*** Supplied material ***

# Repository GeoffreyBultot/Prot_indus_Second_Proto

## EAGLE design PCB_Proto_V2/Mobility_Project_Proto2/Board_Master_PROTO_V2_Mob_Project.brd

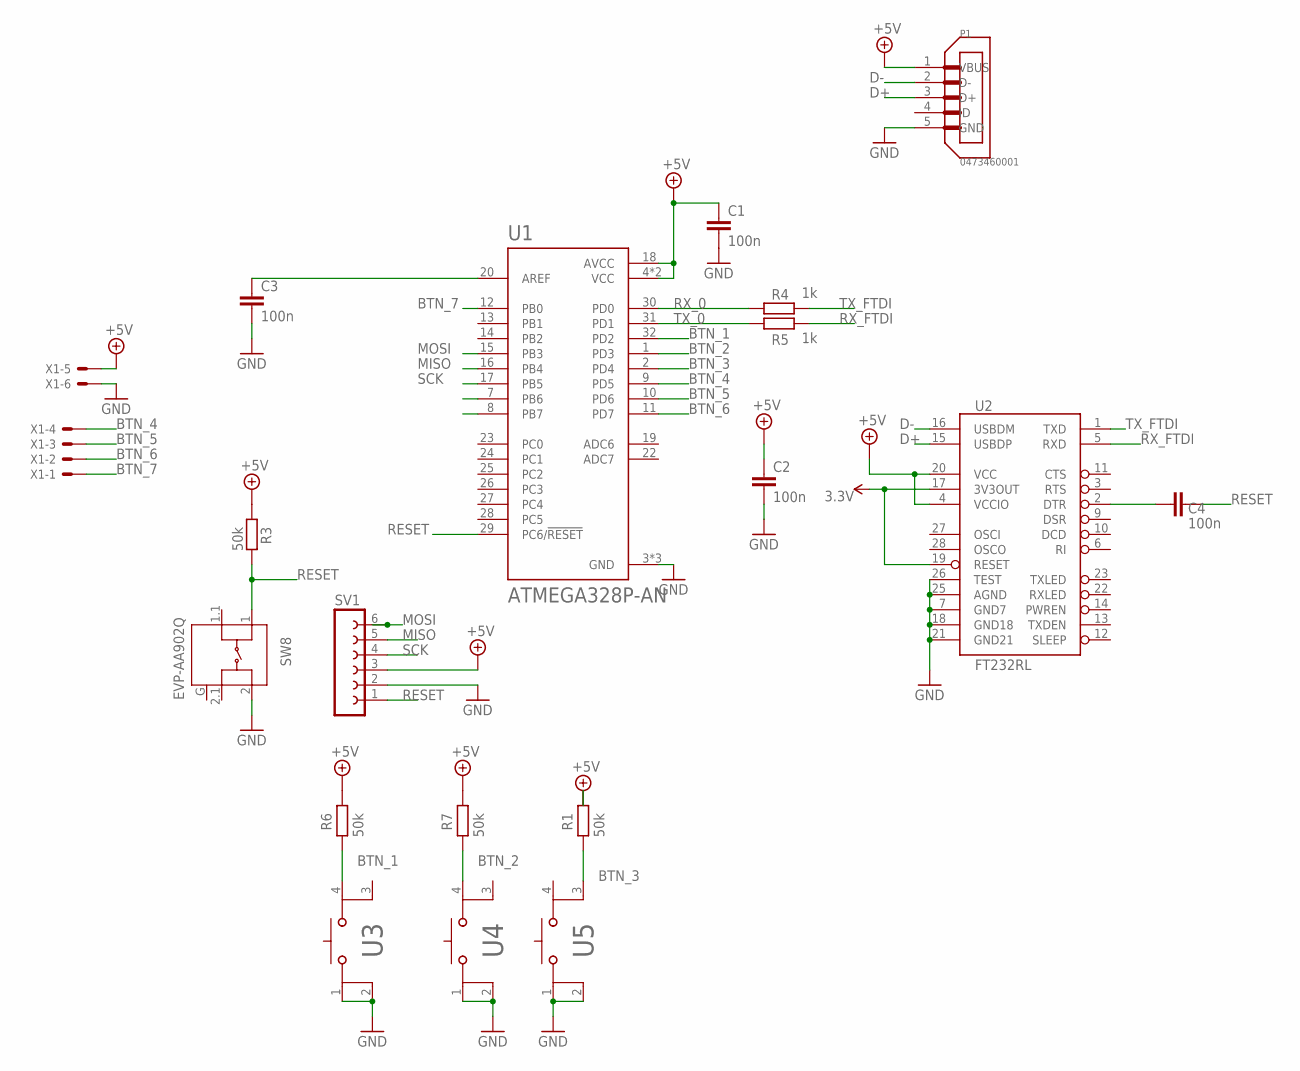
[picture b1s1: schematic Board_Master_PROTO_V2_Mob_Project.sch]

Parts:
C1, C2, C3, C4: 100n; CAP_0805
P1: 0473460001; MOLEX_0473460001
R1, R3, R6, R7: 50k; R0805
R4, R5: 1k; R0805
SV1: FE06-1; FE06
SW8: EVP-AA902Q
U1: ATMEGA328P-AN; QFP80P900X900X120-32N
U2: FT232RL; SSOP28DB
U3, U4, U5: 4-1437565-1; SW4_236X236H5MM
X1: C-GRID-06-70543; 70543-06

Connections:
3.3V: U2.17 (3V3OUT), U2.19 (RESET)
+5V: C1.1, C2.1, P1.1 (VBUS), R1.1, R3.1, R6.1, R7.1, SV1.3, U1.4 (VCC), U1.6 (VCC), U1.18 (AVCC), U2.4 (VCCIO), U2.20 (VCC), X1.5
BTN_1: R6.2, U1.32 (PD2), U3.4
BTN_2: R7.2, U1.1 (PD3), U4.4
BTN_3: R1.2, U1.2 (PD4), U5.3
BTN_4: U1.9 (PD5), X1.4
BTN_5: U1.10 (PD6), X1.3
BTN_6: U1.11 (PD7), X1.2
BTN_7: U1.12 (PB0), X1.1
D+: P1.3 (D+), U2.15 (USBDP)
D-: P1.2 (D-), U2.16 (USBDM)
GND: C1.2, C2.2, C3.2, P1.5 (GND), SV1.2, SW8.2, U1.3 (GND), U1.5 (GND), U1.21 (GND), U2.7 (GND7), U2.18 (GND18), U2.21 (GND21), U2.25 (AGND), U2.26 (TEST), U3.1, U3.2, U4.1, U4.2, U5.1, U5.2, X1.6
MISO: SV1.5, U1.16 (PB4)
MOSI: SV1.6, U1.15 (PB3)
unnamed: C4.2, U2.2 (DTR)
unnamed: C3.1, U1.20 (AREF)
RESET: C4.1, R3.2, SV1.1, SW8.1, U1.29 (PC6/!RESET)
RX_0: R4.1, U1.30 (PD0)
RX_FTDI: R5.2, U2.5 (RXD)
SCK: SV1.4, U1.17 (PB5)
TX_0: R5.1, U1.31 (PD1)
TX_FTDI: R4.2, U2.1 (TXD)

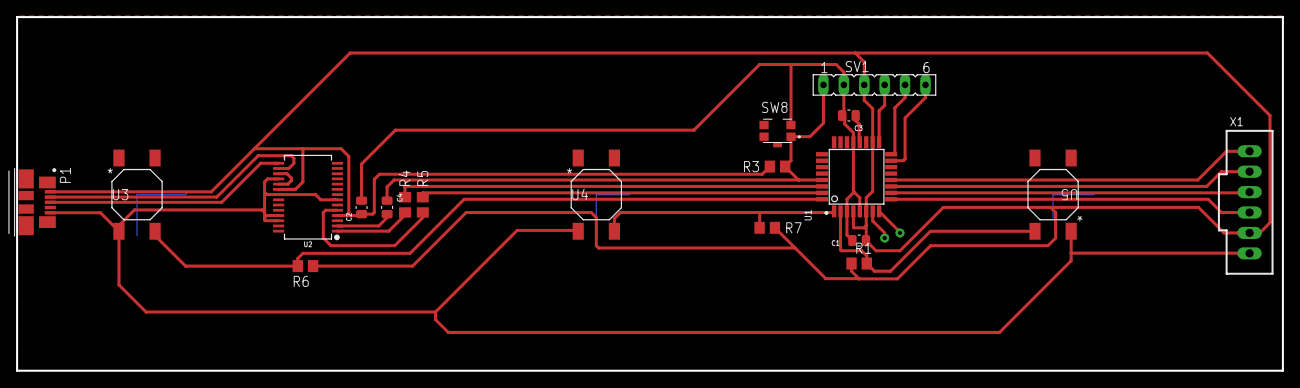
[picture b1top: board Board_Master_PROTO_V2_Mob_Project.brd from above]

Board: 2 copper layers, 157.5 x 44.0 mm, 19 parts (0 on the bottom side), 22 nets.

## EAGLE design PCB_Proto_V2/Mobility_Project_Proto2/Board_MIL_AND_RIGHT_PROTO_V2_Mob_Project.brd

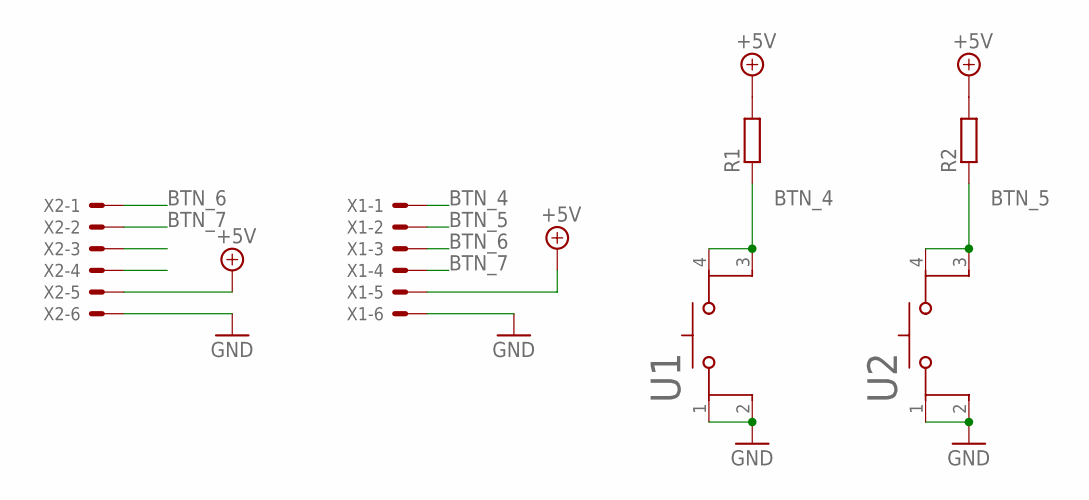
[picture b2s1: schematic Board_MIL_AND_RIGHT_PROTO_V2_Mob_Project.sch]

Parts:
R1, R2: R-EU_M0805; M0805
U1, U2: 4-1437565-1; SW4_236X236H5MM
X1, X2: C-GRID-06-70543; 70543-06

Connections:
+5V: R1.2, R2.2, X1.5, X2.5
BTN_4: R1.1, U1.3, U1.4, X1.1
BTN_5: R2.1, U2.3, U2.4, X1.2
BTN_6: X1.3, X2.1
BTN_7: X1.4, X2.2
GND: U1.1, U1.2, U2.1, U2.2, X1.6, X2.6

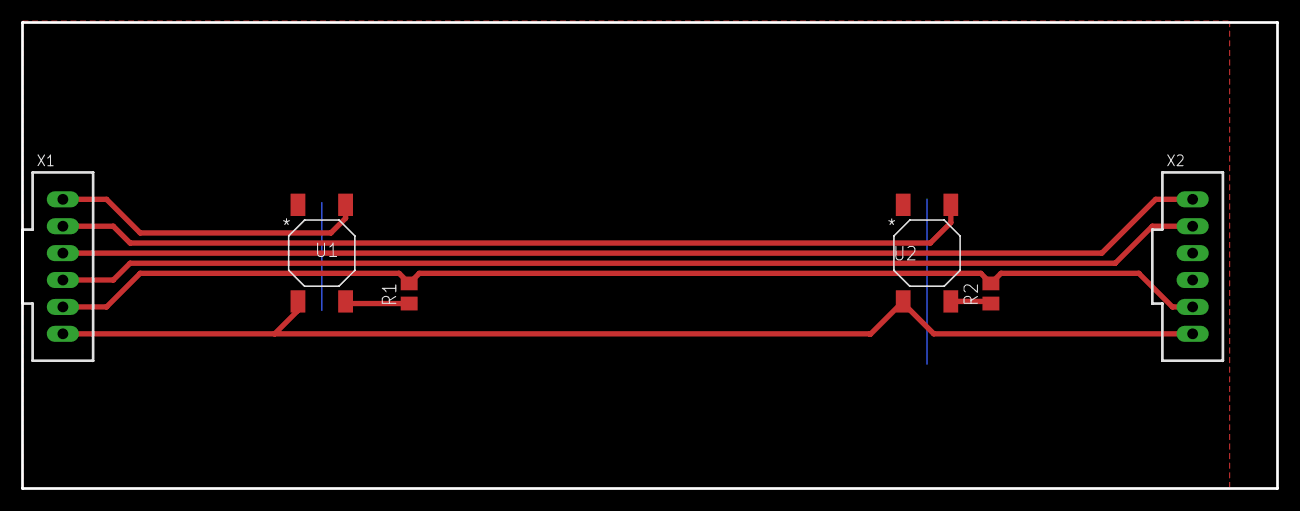
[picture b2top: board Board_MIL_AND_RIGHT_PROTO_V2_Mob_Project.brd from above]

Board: 2 copper layers, 118.5 x 44.0 mm, 6 parts (0 on the bottom side), 6 nets.

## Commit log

2019-12-14 First Commit
    d
2019-12-14 add arduino and PCB
2019-12-15 ajout 3D

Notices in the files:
parts and their libraries:
COPYRIGHT: Copyright (C) 2016 Accelerated Designs. All rights reserved
SparkFun-IC-Comms: Licensing: Creative Commons ShareAlike 4.0 International - https://creativecommons.org/licenses/by-sa/4.0

*** End of Supplied material ***

▶ [Your instructions]:
Print all entries exactly; skip the pictures.

▶ [Written response]:
# Repository GeoffreyBultot/Prot_indus_Second_Proto

## EAGLE design PCB_Proto_V2/Mobility_Project_Proto2/Board_Master_PROTO_V2_Mob_Project.brd

[picture b1s1: schematic Board_Master_PROTO_V2_Mob_Project.sch]

Parts:
C1, C2, C3, C4: 100n; CAP_0805
P1: 0473460001; MOLEX_0473460001
R1, R3, R6, R7: 50k; R0805
R4, R5: 1k; R0805
SV1: FE06-1; FE06
SW8: EVP-AA902Q
U1: ATMEGA328P-AN; QFP80P900X900X120-32N
U2: FT232RL; SSOP28DB
U3, U4, U5: 4-1437565-1; SW4_236X236H5MM
X1: C-GRID-06-70543; 70543-06

Connections:
3.3V: U2.17 (3V3OUT), U2.19 (RESET)
+5V: C1.1, C2.1, P1.1 (VBUS), R1.1, R3.1, R6.1, R7.1, SV1.3, U1.4 (VCC), U1.6 (VCC), U1.18 (AVCC), U2.4 (VCCIO), U2.20 (VCC), X1.5
BTN_1: R6.2, U1.32 (PD2), U3.4
BTN_2: R7.2, U1.1 (PD3), U4.4
BTN_3: R1.2, U1.2 (PD4), U5.3
BTN_4: U1.9 (PD5), X1.4
BTN_5: U1.10 (PD6), X1.3
BTN_6: U1.11 (PD7), X1.2
BTN_7: U1.12 (PB0), X1.1
D+: P1.3 (D+), U2.15 (USBDP)
D-: P1.2 (D-), U2.16 (USBDM)
GND: C1.2, C2.2, C3.2, P1.5 (GND), SV1.2, SW8.2, U1.3 (GND), U1.5 (GND), U1.21 (GND), U2.7 (GND7), U2.18 (GND18), U2.21 (GND21), U2.25 (AGND), U2.26 (TEST), U3.1, U3.2, U4.1, U4.2, U5.1, U5.2, X1.6
MISO: SV1.5, U1.16 (PB4)
MOSI: SV1.6, U1.15 (PB3)
unnamed: C4.2, U2.2 (DTR)
unnamed: C3.1, U1.20 (AREF)
RESET: C4.1, R3.2, SV1.1, SW8.1, U1.29 (PC6/!RESET)
RX_0: R4.1, U1.30 (PD0)
RX_FTDI: R5.2, U2.5 (RXD)
SCK: SV1.4, U1.17 (PB5)
TX_0: R5.1, U1.31 (PD1)
TX_FTDI: R4.2, U2.1 (TXD)

[picture b1top: board Board_Master_PROTO_V2_Mob_Project.brd from above]

Board: 2 copper layers, 157.5 x 44.0 mm, 19 parts (0 on the bottom side), 22 nets.

## EAGLE design PCB_Proto_V2/Mobility_Project_Proto2/Board_MIL_AND_RIGHT_PROTO_V2_Mob_Project.brd

[picture b2s1: schematic Board_MIL_AND_RIGHT_PROTO_V2_Mob_Project.sch]

Parts:
R1, R2: R-EU_M0805; M0805
U1, U2: 4-1437565-1; SW4_236X236H5MM
X1, X2: C-GRID-06-70543; 70543-06

Connections:
+5V: R1.2, R2.2, X1.5, X2.5
BTN_4: R1.1, U1.3, U1.4, X1.1
BTN_5: R2.1, U2.3, U2.4, X1.2
BTN_6: X1.3, X2.1
BTN_7: X1.4, X2.2
GND: U1.1, U1.2, U2.1, U2.2, X1.6, X2.6

[picture b2top: board Board_MIL_AND_RIGHT_PROTO_V2_Mob_Project.brd from above]

Board: 2 copper layers, 118.5 x 44.0 mm, 6 parts (0 on the bottom side), 6 nets.

## Commit log

2019-12-14 First Commit
    d
2019-12-14 add arduino and PCB
2019-12-15 ajout 3D

Notices in the files:
parts and their libraries:
COPYRIGHT: Copyright (C) 2016 Accelerated Designs. All rights reserved
SparkFun-IC-Comms: Licensing: Creative Commons ShareAlike 4.0 International - https://creativecommons.org/licenses/by-sa/4.0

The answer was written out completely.